Friday, September 5, 2008

Drill, Baby, Drill! Pleasuredome St.Paul


Shock and Awe or Shuck and Jive and the Kitchen Sunk- Wow, what a spectacle the Pleasuredome in St. Paul turned out to be. Rudy Giuliani leading the audience in mantras of “drill, baby, drill” while speaking afloat on imagery of the Hudson River? Rudy walking on water? Convention organizers should have just superimposed oil derricks onto the image of the Hudson with NYC in the background, as this was their stated energy goal all evening. Governor Palinocrity in her speech continued to keep all things energy in the fossil fuel category, “offshore drilling, nuclear (well this is one clean idea, with lots of waste), clean-coal” (really?) only as a small footnote is wind & solar mentioned. Think about it, this convention did nothing to really address new clean technologies as being the future. Additionally, Palinocrity even made the bold statement that when the McShame ticket arrives in Washington (hasn’t one of them lived there for 30 years?) they would pass an energy policy for the future. If this is the case, then why was the Senator at the top of the ticket absent from 8 votes on the investment tax credit extension for clean energy investments? Think about it, have you ever witnessed a more shameless attempt of saying one thing and doing another. At times I am naïve, as one must realize shameless is the key adjective that defines one a politician.

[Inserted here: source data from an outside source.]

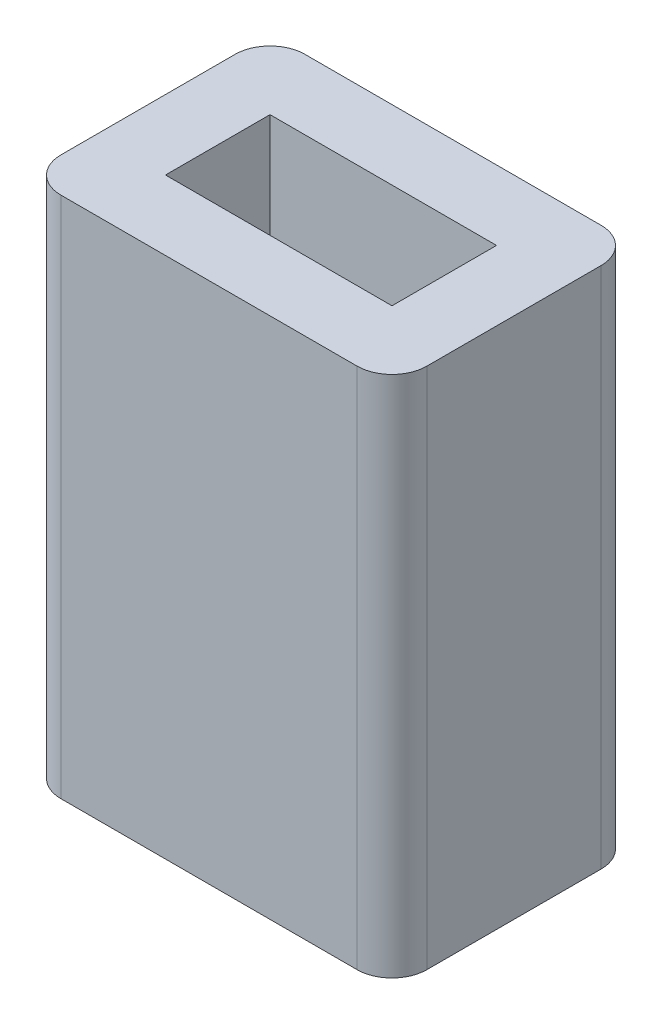
ISO-10303-21;
HEADER;
FILE_DESCRIPTION(('STEP AP214'),'2;1');
FILE_NAME('part.step','',(''),(''),'','','');
FILE_SCHEMA(('AUTOMOTIVE_DESIGN { 1 0 10303 214 1 1 1 1 }'));
ENDSEC;
DATA;
#1=APPLICATION_CONTEXT('core data for automotive mechanical design processes');
#2=APPLICATION_PROTOCOL_DEFINITION('international standard','automotive_design',2000,#1);
#3=PRODUCT_CONTEXT('',#1,'mechanical');
#4=PRODUCT('Part','Part','',(#3));
#5=PRODUCT_RELATED_PRODUCT_CATEGORY('part','',(#4));
#6=PRODUCT_DEFINITION_FORMATION('','',#4);
#7=PRODUCT_DEFINITION_CONTEXT('part definition',#1,'design');
#8=PRODUCT_DEFINITION('design','',#6,#7);
#9=PRODUCT_DEFINITION_SHAPE('','',#8);
#10=(LENGTH_UNIT() NAMED_UNIT(*) SI_UNIT(.MILLI.,.METRE.));
#11=(NAMED_UNIT(*) PLANE_ANGLE_UNIT() SI_UNIT($,.RADIAN.));
#12=(NAMED_UNIT(*) SI_UNIT($,.STERADIAN.) SOLID_ANGLE_UNIT());
#13=UNCERTAINTY_MEASURE_WITH_UNIT(LENGTH_MEASURE(1.E-05),#10,'distance_accuracy_value','');
#14=(GEOMETRIC_REPRESENTATION_CONTEXT(3) GLOBAL_UNCERTAINTY_ASSIGNED_CONTEXT((#13)) GLOBAL_UNIT_ASSIGNED_CONTEXT((#10,
#11,#12)) REPRESENTATION_CONTEXT('',''));
#15=CARTESIAN_POINT('',(0.,0.,0.));
#16=DIRECTION('',(0.,0.,1.));
#17=DIRECTION('',(1.,0.,0.));
#18=AXIS2_PLACEMENT_3D('',#15,#16,#17);
#19=CARTESIAN_POINT('',(0.,15.,0.));
#20=DIRECTION('',(0.,1.,0.));
#21=DIRECTION('',(0.,0.,1.));
#22=AXIS2_PLACEMENT_3D('',#19,#20,#21);
#23=PLANE('',#22);
#24=DIRECTION('',(-1.,0.,0.));
#25=VECTOR('',#24,1.);
#26=CARTESIAN_POINT('',(-5.25,15.,-3.5));
#27=LINE('',#26,#25);
#28=CARTESIAN_POINT('',(4.25,15.,-3.5));
#29=VERTEX_POINT('',#28);
#30=CARTESIAN_POINT('',(-4.25,15.,-3.5));
#31=VERTEX_POINT('',#30);
#32=EDGE_CURVE('E195',#29,#31,#27,.T.);
#33=ORIENTED_EDGE('',*,*,#32,.T.);
#34=CARTESIAN_POINT('',(-4.25,15.,-2.5));
#35=DIRECTION('',(0.,1.,0.));
#36=DIRECTION('',(0.,0.,1.));
#37=AXIS2_PLACEMENT_3D('',#34,#35,#36);
#38=CIRCLE('',#37,1.);
#39=CARTESIAN_POINT('',(-5.25,15.,-2.5));
#40=VERTEX_POINT('',#39);
#41=EDGE_CURVE('E250',#31,#40,#38,.T.);
#42=ORIENTED_EDGE('',*,*,#41,.T.);
#43=DIRECTION('',(0.,0.,1.));
#44=VECTOR('',#43,1.);
#45=CARTESIAN_POINT('',(-5.25,15.,3.5));
#46=LINE('',#45,#44);
#47=CARTESIAN_POINT('',(-5.25,15.,2.5));
#48=VERTEX_POINT('',#47);
#49=EDGE_CURVE('E199',#40,#48,#46,.T.);
#50=ORIENTED_EDGE('',*,*,#49,.T.);
#51=CARTESIAN_POINT('',(-4.25,15.,2.5));
#52=DIRECTION('',(0.,1.,0.));
#53=DIRECTION('',(0.,0.,1.));
#54=AXIS2_PLACEMENT_3D('',#51,#52,#53);
#55=CIRCLE('',#54,1.);
#56=CARTESIAN_POINT('',(-4.25,15.,3.5));
#57=VERTEX_POINT('',#56);
#58=EDGE_CURVE('E242',#48,#57,#55,.T.);
#59=ORIENTED_EDGE('',*,*,#58,.T.);
#60=DIRECTION('',(1.,0.,0.));
#61=VECTOR('',#60,1.);
#62=CARTESIAN_POINT('',(-5.25,15.,3.5));
#63=LINE('',#62,#61);
#64=CARTESIAN_POINT('',(4.25,15.,3.5));
#65=VERTEX_POINT('',#64);
#66=EDGE_CURVE('E188',#57,#65,#63,.T.);
#67=ORIENTED_EDGE('',*,*,#66,.T.);
#68=CARTESIAN_POINT('',(4.25,15.,2.5));
#69=DIRECTION('',(0.,1.,0.));
#70=DIRECTION('',(0.,0.,1.));
#71=AXIS2_PLACEMENT_3D('',#68,#69,#70);
#72=CIRCLE('',#71,1.);
#73=CARTESIAN_POINT('',(5.25,15.,2.5));
#74=VERTEX_POINT('',#73);
#75=EDGE_CURVE('E66',#65,#74,#72,.T.);
#76=ORIENTED_EDGE('',*,*,#75,.T.);
#77=DIRECTION('',(0.,0.,-1.));
#78=VECTOR('',#77,1.);
#79=CARTESIAN_POINT('',(5.25,15.,3.5));
#80=LINE('',#79,#78);
#81=CARTESIAN_POINT('',(5.25,15.,-2.5));
#82=VERTEX_POINT('',#81);
#83=EDGE_CURVE('E191',#74,#82,#80,.T.);
#84=ORIENTED_EDGE('',*,*,#83,.T.);
#85=CARTESIAN_POINT('',(4.25,15.,-2.5));
#86=DIRECTION('',(0.,1.,0.));
#87=DIRECTION('',(0.,0.,1.));
#88=AXIS2_PLACEMENT_3D('',#85,#86,#87);
#89=CIRCLE('',#88,1.);
#90=EDGE_CURVE('E247',#82,#29,#89,.T.);
#91=ORIENTED_EDGE('',*,*,#90,.T.);
#92=EDGE_LOOP('',(#33,#42,#50,#59,#67,#76,#84,#91));
#93=FACE_BOUND('',#92,.T.);
#94=DIRECTION('',(-1.,0.,0.));
#95=VECTOR('',#94,1.);
#96=CARTESIAN_POINT('',(-3.25,15.,-1.5));
#97=LINE('',#96,#95);
#98=CARTESIAN_POINT('',(3.25,15.,-1.5));
#99=VERTEX_POINT('',#98);
#100=CARTESIAN_POINT('',(-3.25,15.,-1.5));
#101=VERTEX_POINT('',#100);
#102=EDGE_CURVE('E146',#99,#101,#97,.T.);
#103=ORIENTED_EDGE('',*,*,#102,.F.);
#104=DIRECTION('',(0.,0.,-1.));
#105=VECTOR('',#104,1.);
#106=CARTESIAN_POINT('',(3.25,15.,1.5));
#107=LINE('',#106,#105);
#108=CARTESIAN_POINT('',(3.25,15.,1.5));
#109=VERTEX_POINT('',#108);
#110=EDGE_CURVE('E135',#109,#99,#107,.T.);
#111=ORIENTED_EDGE('',*,*,#110,.F.);
#112=DIRECTION('',(1.,0.,0.));
#113=VECTOR('',#112,1.);
#114=CARTESIAN_POINT('',(-3.25,15.,1.5));
#115=LINE('',#114,#113);
#116=CARTESIAN_POINT('',(-3.25,15.,1.5));
#117=VERTEX_POINT('',#116);
#118=EDGE_CURVE('E164',#117,#109,#115,.T.);
#119=ORIENTED_EDGE('',*,*,#118,.F.);
#120=DIRECTION('',(0.,0.,1.));
#121=VECTOR('',#120,1.);
#122=CARTESIAN_POINT('',(-3.25,15.,1.5));
#123=LINE('',#122,#121);
#124=EDGE_CURVE('E160',#101,#117,#123,.T.);
#125=ORIENTED_EDGE('',*,*,#124,.F.);
#126=EDGE_LOOP('',(#103,#111,#119,#125));
#127=FACE_BOUND('',#126,.T.);
#128=ADVANCED_FACE('F43',(#93,#127),#23,.T.);
#129=CARTESIAN_POINT('',(0.,0.,0.));
#130=DIRECTION('',(0.,1.,0.));
#131=DIRECTION('',(0.,0.,1.));
#132=AXIS2_PLACEMENT_3D('',#129,#130,#131);
#133=PLANE('',#132);
#134=DIRECTION('',(0.,0.,1.));
#135=VECTOR('',#134,1.);
#136=CARTESIAN_POINT('',(-5.25,0.,3.5));
#137=LINE('',#136,#135);
#138=CARTESIAN_POINT('',(-5.25,0.,-2.5));
#139=VERTEX_POINT('',#138);
#140=CARTESIAN_POINT('',(-5.25,0.,2.5));
#141=VERTEX_POINT('',#140);
#142=EDGE_CURVE('E192',#139,#141,#137,.T.);
#143=ORIENTED_EDGE('',*,*,#142,.F.);
#144=CARTESIAN_POINT('',(-4.25,0.,-2.5));
#145=DIRECTION('',(0.,1.,0.));
#146=DIRECTION('',(0.,0.,1.));
#147=AXIS2_PLACEMENT_3D('',#144,#145,#146);
#148=CIRCLE('',#147,1.);
#149=CARTESIAN_POINT('',(-4.25,0.,-3.5));
#150=VERTEX_POINT('',#149);
#151=EDGE_CURVE('E232',#139,#150,#148,.F.);
#152=ORIENTED_EDGE('',*,*,#151,.T.);
#153=DIRECTION('',(-1.,0.,0.));
#154=VECTOR('',#153,1.);
#155=CARTESIAN_POINT('',(-5.25,0.,-3.5));
#156=LINE('',#155,#154);
#157=CARTESIAN_POINT('',(4.25,0.,-3.5));
#158=VERTEX_POINT('',#157);
#159=EDGE_CURVE('E210',#158,#150,#156,.T.);
#160=ORIENTED_EDGE('',*,*,#159,.F.);
#161=CARTESIAN_POINT('',(4.25,0.,-2.5));
#162=DIRECTION('',(0.,1.,0.));
#163=DIRECTION('',(0.,0.,1.));
#164=AXIS2_PLACEMENT_3D('',#161,#162,#163);
#165=CIRCLE('',#164,1.);
#166=CARTESIAN_POINT('',(5.25,0.,-2.5));
#167=VERTEX_POINT('',#166);
#168=EDGE_CURVE('E229',#158,#167,#165,.F.);
#169=ORIENTED_EDGE('',*,*,#168,.T.);
#170=DIRECTION('',(0.,0.,-1.));
#171=VECTOR('',#170,1.);
#172=CARTESIAN_POINT('',(5.25,0.,3.5));
#173=LINE('',#172,#171);
#174=CARTESIAN_POINT('',(5.25,0.,2.5));
#175=VERTEX_POINT('',#174);
#176=EDGE_CURVE('E207',#175,#167,#173,.T.);
#177=ORIENTED_EDGE('',*,*,#176,.F.);
#178=CARTESIAN_POINT('',(4.25,0.,2.5));
#179=DIRECTION('',(0.,1.,0.));
#180=DIRECTION('',(0.,0.,1.));
#181=AXIS2_PLACEMENT_3D('',#178,#179,#180);
#182=CIRCLE('',#181,1.);
#183=CARTESIAN_POINT('',(4.25,0.,3.5));
#184=VERTEX_POINT('',#183);
#185=EDGE_CURVE('E226',#175,#184,#182,.F.);
#186=ORIENTED_EDGE('',*,*,#185,.T.);
#187=DIRECTION('',(1.,0.,0.));
#188=VECTOR('',#187,1.);
#189=CARTESIAN_POINT('',(-5.25,0.,3.5));
#190=LINE('',#189,#188);
#191=CARTESIAN_POINT('',(-4.25,0.,3.5));
#192=VERTEX_POINT('',#191);
#193=EDGE_CURVE('E155',#192,#184,#190,.T.);
#194=ORIENTED_EDGE('',*,*,#193,.F.);
#195=CARTESIAN_POINT('',(-4.25,0.,2.5));
#196=DIRECTION('',(0.,1.,0.));
#197=DIRECTION('',(0.,0.,1.));
#198=AXIS2_PLACEMENT_3D('',#195,#196,#197);
#199=CIRCLE('',#198,1.);
#200=EDGE_CURVE('E223',#192,#141,#199,.F.);
#201=ORIENTED_EDGE('',*,*,#200,.T.);
#202=EDGE_LOOP('',(#143,#152,#160,#169,#177,#186,#194,#201));
#203=FACE_BOUND('',#202,.T.);
#204=DIRECTION('',(0.,0.,-1.));
#205=VECTOR('',#204,1.);
#206=CARTESIAN_POINT('',(3.25,0.,1.5));
#207=LINE('',#206,#205);
#208=CARTESIAN_POINT('',(3.25,0.,1.5));
#209=VERTEX_POINT('',#208);
#210=CARTESIAN_POINT('',(3.25,0.,-1.5));
#211=VERTEX_POINT('',#210);
#212=EDGE_CURVE('E169',#209,#211,#207,.T.);
#213=ORIENTED_EDGE('',*,*,#212,.T.);
#214=DIRECTION('',(-1.,0.,0.));
#215=VECTOR('',#214,1.);
#216=CARTESIAN_POINT('',(-3.25,0.,-1.5));
#217=LINE('',#216,#215);
#218=CARTESIAN_POINT('',(-3.25,0.,-1.5));
#219=VERTEX_POINT('',#218);
#220=EDGE_CURVE('E153',#211,#219,#217,.T.);
#221=ORIENTED_EDGE('',*,*,#220,.T.);
#222=DIRECTION('',(0.,0.,1.));
#223=VECTOR('',#222,1.);
#224=CARTESIAN_POINT('',(-3.25,0.,1.5));
#225=LINE('',#224,#223);
#226=CARTESIAN_POINT('',(-3.25,0.,1.5));
#227=VERTEX_POINT('',#226);
#228=EDGE_CURVE('E174',#219,#227,#225,.T.);
#229=ORIENTED_EDGE('',*,*,#228,.T.);
#230=DIRECTION('',(1.,0.,0.));
#231=VECTOR('',#230,1.);
#232=CARTESIAN_POINT('',(-3.25,0.,1.5));
#233=LINE('',#232,#231);
#234=EDGE_CURVE('E147',#227,#209,#233,.T.);
#235=ORIENTED_EDGE('',*,*,#234,.T.);
#236=EDGE_LOOP('',(#213,#221,#229,#235));
#237=FACE_BOUND('',#236,.T.);
#238=ADVANCED_FACE('F270',(#203,#237),#133,.F.);
#239=CARTESIAN_POINT('',(-5.25,15.,3.5));
#240=DIRECTION('',(0.,0.,-1.));
#241=DIRECTION('',(-1.,0.,0.));
#242=AXIS2_PLACEMENT_3D('',#239,#240,#241);
#243=PLANE('',#242);
#244=ORIENTED_EDGE('',*,*,#193,.T.);
#245=DIRECTION('',(0.,-1.,0.));
#246=VECTOR('',#245,1.);
#247=CARTESIAN_POINT('',(4.25,15.,3.5));
#248=LINE('',#247,#246);
#249=EDGE_CURVE('E11',#184,#65,#248,.F.);
#250=ORIENTED_EDGE('',*,*,#249,.T.);
#251=ORIENTED_EDGE('',*,*,#66,.F.);
#252=DIRECTION('',(0.,-1.,0.));
#253=VECTOR('',#252,1.);
#254=CARTESIAN_POINT('',(-4.25,15.,3.5));
#255=LINE('',#254,#253);
#256=EDGE_CURVE('E52',#57,#192,#255,.T.);
#257=ORIENTED_EDGE('',*,*,#256,.T.);
#258=EDGE_LOOP('',(#244,#250,#251,#257));
#259=FACE_BOUND('',#258,.T.);
#260=ADVANCED_FACE('F264',(#259),#243,.F.);
#261=CARTESIAN_POINT('',(5.25,15.,3.5));
#262=DIRECTION('',(-1.,0.,0.));
#263=DIRECTION('',(0.,0.,1.));
#264=AXIS2_PLACEMENT_3D('',#261,#262,#263);
#265=PLANE('',#264);
#266=ORIENTED_EDGE('',*,*,#176,.T.);
#267=DIRECTION('',(0.,-1.,0.));
#268=VECTOR('',#267,1.);
#269=CARTESIAN_POINT('',(5.25,15.,-2.5));
#270=LINE('',#269,#268);
#271=EDGE_CURVE('E59',#167,#82,#270,.F.);
#272=ORIENTED_EDGE('',*,*,#271,.T.);
#273=ORIENTED_EDGE('',*,*,#83,.F.);
#274=DIRECTION('',(0.,-1.,0.));
#275=VECTOR('',#274,1.);
#276=CARTESIAN_POINT('',(5.25,15.,2.5));
#277=LINE('',#276,#275);
#278=EDGE_CURVE('E253',#74,#175,#277,.T.);
#279=ORIENTED_EDGE('',*,*,#278,.T.);
#280=EDGE_LOOP('',(#266,#272,#273,#279));
#281=FACE_BOUND('',#280,.T.);
#282=ADVANCED_FACE('F276',(#281),#265,.F.);
#283=CARTESIAN_POINT('',(-5.25,15.,-3.5));
#284=DIRECTION('',(0.,0.,1.));
#285=DIRECTION('',(1.,0.,0.));
#286=AXIS2_PLACEMENT_3D('',#283,#284,#285);
#287=PLANE('',#286);
#288=ORIENTED_EDGE('',*,*,#159,.T.);
#289=DIRECTION('',(0.,-1.,0.));
#290=VECTOR('',#289,1.);
#291=CARTESIAN_POINT('',(-4.25,15.,-3.5));
#292=LINE('',#291,#290);
#293=EDGE_CURVE('E239',#150,#31,#292,.F.);
#294=ORIENTED_EDGE('',*,*,#293,.T.);
#295=ORIENTED_EDGE('',*,*,#32,.F.);
#296=DIRECTION('',(0.,-1.,0.));
#297=VECTOR('',#296,1.);
#298=CARTESIAN_POINT('',(4.25,15.,-3.5));
#299=LINE('',#298,#297);
#300=EDGE_CURVE('E235',#29,#158,#299,.T.);
#301=ORIENTED_EDGE('',*,*,#300,.T.);
#302=EDGE_LOOP('',(#288,#294,#295,#301));
#303=FACE_BOUND('',#302,.T.);
#304=ADVANCED_FACE('F284',(#303),#287,.F.);
#305=CARTESIAN_POINT('',(-5.25,15.,3.5));
#306=DIRECTION('',(1.,0.,0.));
#307=DIRECTION('',(0.,0.,-1.));
#308=AXIS2_PLACEMENT_3D('',#305,#306,#307);
#309=PLANE('',#308);
#310=ORIENTED_EDGE('',*,*,#49,.F.);
#311=DIRECTION('',(0.,-1.,0.));
#312=VECTOR('',#311,1.);
#313=CARTESIAN_POINT('',(-5.25,15.,-2.5));
#314=LINE('',#313,#312);
#315=EDGE_CURVE('E219',#40,#139,#314,.T.);
#316=ORIENTED_EDGE('',*,*,#315,.T.);
#317=ORIENTED_EDGE('',*,*,#142,.T.);
#318=DIRECTION('',(0.,-1.,0.));
#319=VECTOR('',#318,1.);
#320=CARTESIAN_POINT('',(-5.25,15.,2.5));
#321=LINE('',#320,#319);
#322=EDGE_CURVE('E203',#141,#48,#321,.F.);
#323=ORIENTED_EDGE('',*,*,#322,.T.);
#324=EDGE_LOOP('',(#310,#316,#317,#323));
#325=FACE_BOUND('',#324,.T.);
#326=ADVANCED_FACE('F292',(#325),#309,.F.);
#327=CARTESIAN_POINT('',(3.25,15.,1.5));
#328=DIRECTION('',(-1.,0.,0.));
#329=DIRECTION('',(0.,0.,1.));
#330=AXIS2_PLACEMENT_3D('',#327,#328,#329);
#331=PLANE('',#330);
#332=ORIENTED_EDGE('',*,*,#212,.F.);
#333=DIRECTION('',(0.,-1.,0.));
#334=VECTOR('',#333,1.);
#335=CARTESIAN_POINT('',(3.25,15.,1.5));
#336=LINE('',#335,#334);
#337=EDGE_CURVE('E141',#109,#209,#336,.T.);
#338=ORIENTED_EDGE('',*,*,#337,.F.);
#339=ORIENTED_EDGE('',*,*,#110,.T.);
#340=DIRECTION('',(0.,-1.,0.));
#341=VECTOR('',#340,1.);
#342=CARTESIAN_POINT('',(3.25,15.,-1.5));
#343=LINE('',#342,#341);
#344=EDGE_CURVE('E138',#99,#211,#343,.T.);
#345=ORIENTED_EDGE('',*,*,#344,.T.);
#346=EDGE_LOOP('',(#332,#338,#339,#345));
#347=FACE_BOUND('',#346,.T.);
#348=ADVANCED_FACE('F137',(#347),#331,.T.);
#349=CARTESIAN_POINT('',(-3.25,15.,-1.5));
#350=DIRECTION('',(0.,0.,1.));
#351=DIRECTION('',(1.,0.,0.));
#352=AXIS2_PLACEMENT_3D('',#349,#350,#351);
#353=PLANE('',#352);
#354=ORIENTED_EDGE('',*,*,#220,.F.);
#355=ORIENTED_EDGE('',*,*,#344,.F.);
#356=ORIENTED_EDGE('',*,*,#102,.T.);
#357=DIRECTION('',(0.,-1.,0.));
#358=VECTOR('',#357,1.);
#359=CARTESIAN_POINT('',(-3.25,15.,-1.5));
#360=LINE('',#359,#358);
#361=EDGE_CURVE('E156',#101,#219,#360,.T.);
#362=ORIENTED_EDGE('',*,*,#361,.T.);
#363=EDGE_LOOP('',(#354,#355,#356,#362));
#364=FACE_BOUND('',#363,.T.);
#365=ADVANCED_FACE('F150',(#364),#353,.T.);
#366=CARTESIAN_POINT('',(-3.25,15.,1.5));
#367=DIRECTION('',(1.,0.,0.));
#368=DIRECTION('',(0.,0.,-1.));
#369=AXIS2_PLACEMENT_3D('',#366,#367,#368);
#370=PLANE('',#369);
#371=ORIENTED_EDGE('',*,*,#228,.F.);
#372=ORIENTED_EDGE('',*,*,#361,.F.);
#373=ORIENTED_EDGE('',*,*,#124,.T.);
#374=DIRECTION('',(0.,-1.,0.));
#375=VECTOR('',#374,1.);
#376=CARTESIAN_POINT('',(-3.25,15.,1.5));
#377=LINE('',#376,#375);
#378=EDGE_CURVE('E183',#117,#227,#377,.T.);
#379=ORIENTED_EDGE('',*,*,#378,.T.);
#380=EDGE_LOOP('',(#371,#372,#373,#379));
#381=FACE_BOUND('',#380,.T.);
#382=ADVANCED_FACE('F353',(#381),#370,.T.);
#383=CARTESIAN_POINT('',(-3.25,15.,1.5));
#384=DIRECTION('',(0.,0.,-1.));
#385=DIRECTION('',(-1.,0.,0.));
#386=AXIS2_PLACEMENT_3D('',#383,#384,#385);
#387=PLANE('',#386);
#388=ORIENTED_EDGE('',*,*,#234,.F.);
#389=ORIENTED_EDGE('',*,*,#378,.F.);
#390=ORIENTED_EDGE('',*,*,#118,.T.);
#391=ORIENTED_EDGE('',*,*,#337,.T.);
#392=EDGE_LOOP('',(#388,#389,#390,#391));
#393=FACE_BOUND('',#392,.T.);
#394=ADVANCED_FACE('F317',(#393),#387,.T.);
#395=CARTESIAN_POINT('',(-4.25,15.,-2.5));
#396=DIRECTION('',(0.,-1.,0.));
#397=DIRECTION('',(0.,0.,-1.));
#398=AXIS2_PLACEMENT_3D('',#395,#396,#397);
#399=CYLINDRICAL_SURFACE('',#398,1.);
#400=ORIENTED_EDGE('',*,*,#41,.F.);
#401=ORIENTED_EDGE('',*,*,#293,.F.);
#402=ORIENTED_EDGE('',*,*,#151,.F.);
#403=ORIENTED_EDGE('',*,*,#315,.F.);
#404=EDGE_LOOP('',(#400,#401,#402,#403));
#405=FACE_BOUND('',#404,.T.);
#406=ADVANCED_FACE('F289',(#405),#399,.T.);
#407=CARTESIAN_POINT('',(4.25,15.,-2.5));
#408=DIRECTION('',(0.,-1.,0.));
#409=DIRECTION('',(0.,0.,-1.));
#410=AXIS2_PLACEMENT_3D('',#407,#408,#409);
#411=CYLINDRICAL_SURFACE('',#410,1.);
#412=ORIENTED_EDGE('',*,*,#90,.F.);
#413=ORIENTED_EDGE('',*,*,#271,.F.);
#414=ORIENTED_EDGE('',*,*,#168,.F.);
#415=ORIENTED_EDGE('',*,*,#300,.F.);
#416=EDGE_LOOP('',(#412,#413,#414,#415));
#417=FACE_BOUND('',#416,.T.);
#418=ADVANCED_FACE('F281',(#417),#411,.T.);
#419=CARTESIAN_POINT('',(4.25,15.,2.5));
#420=DIRECTION('',(0.,-1.,0.));
#421=DIRECTION('',(0.,0.,-1.));
#422=AXIS2_PLACEMENT_3D('',#419,#420,#421);
#423=CYLINDRICAL_SURFACE('',#422,1.);
#424=ORIENTED_EDGE('',*,*,#75,.F.);
#425=ORIENTED_EDGE('',*,*,#249,.F.);
#426=ORIENTED_EDGE('',*,*,#185,.F.);
#427=ORIENTED_EDGE('',*,*,#278,.F.);
#428=EDGE_LOOP('',(#424,#425,#426,#427));
#429=FACE_BOUND('',#428,.T.);
#430=ADVANCED_FACE('F275',(#429),#423,.T.);
#431=CARTESIAN_POINT('',(-4.25,15.,2.5));
#432=DIRECTION('',(0.,-1.,0.));
#433=DIRECTION('',(0.,0.,-1.));
#434=AXIS2_PLACEMENT_3D('',#431,#432,#433);
#435=CYLINDRICAL_SURFACE('',#434,1.);
#436=ORIENTED_EDGE('',*,*,#58,.F.);
#437=ORIENTED_EDGE('',*,*,#322,.F.);
#438=ORIENTED_EDGE('',*,*,#200,.F.);
#439=ORIENTED_EDGE('',*,*,#256,.F.);
#440=EDGE_LOOP('',(#436,#437,#438,#439));
#441=FACE_BOUND('',#440,.T.);
#442=ADVANCED_FACE('F45',(#441),#435,.T.);
#443=CLOSED_SHELL('',(#128,#238,#260,#282,#304,#326,#348,#365,#382,#394,#406,#418,#430,#442));
#444=MANIFOLD_SOLID_BREP('B2',#443);
#445=ADVANCED_BREP_SHAPE_REPRESENTATION('',(#18,#444),#14);
#446=SHAPE_DEFINITION_REPRESENTATION(#9,#445);
ENDSEC;
END-ISO-10303-21;

New York Wind- In New York State, the Public Service Commission granted permission, in a unanimous vote to allow Spanish energy company Iberdrola, S.A. to acquire Energy East which has operations in 5 states. Iberdrola claims to want to invest as much as $2 billion in wind turbines across upstate New York. Some of the commissions own regulators were opposed due to putting too much energy production in one company’s hands. But the commission still voted for the merger based on Iberdrola obeying strict rules that would mitigate any potential price manipulation. This plan would double New York’s wind power output to 2000 megawatts in a few years time.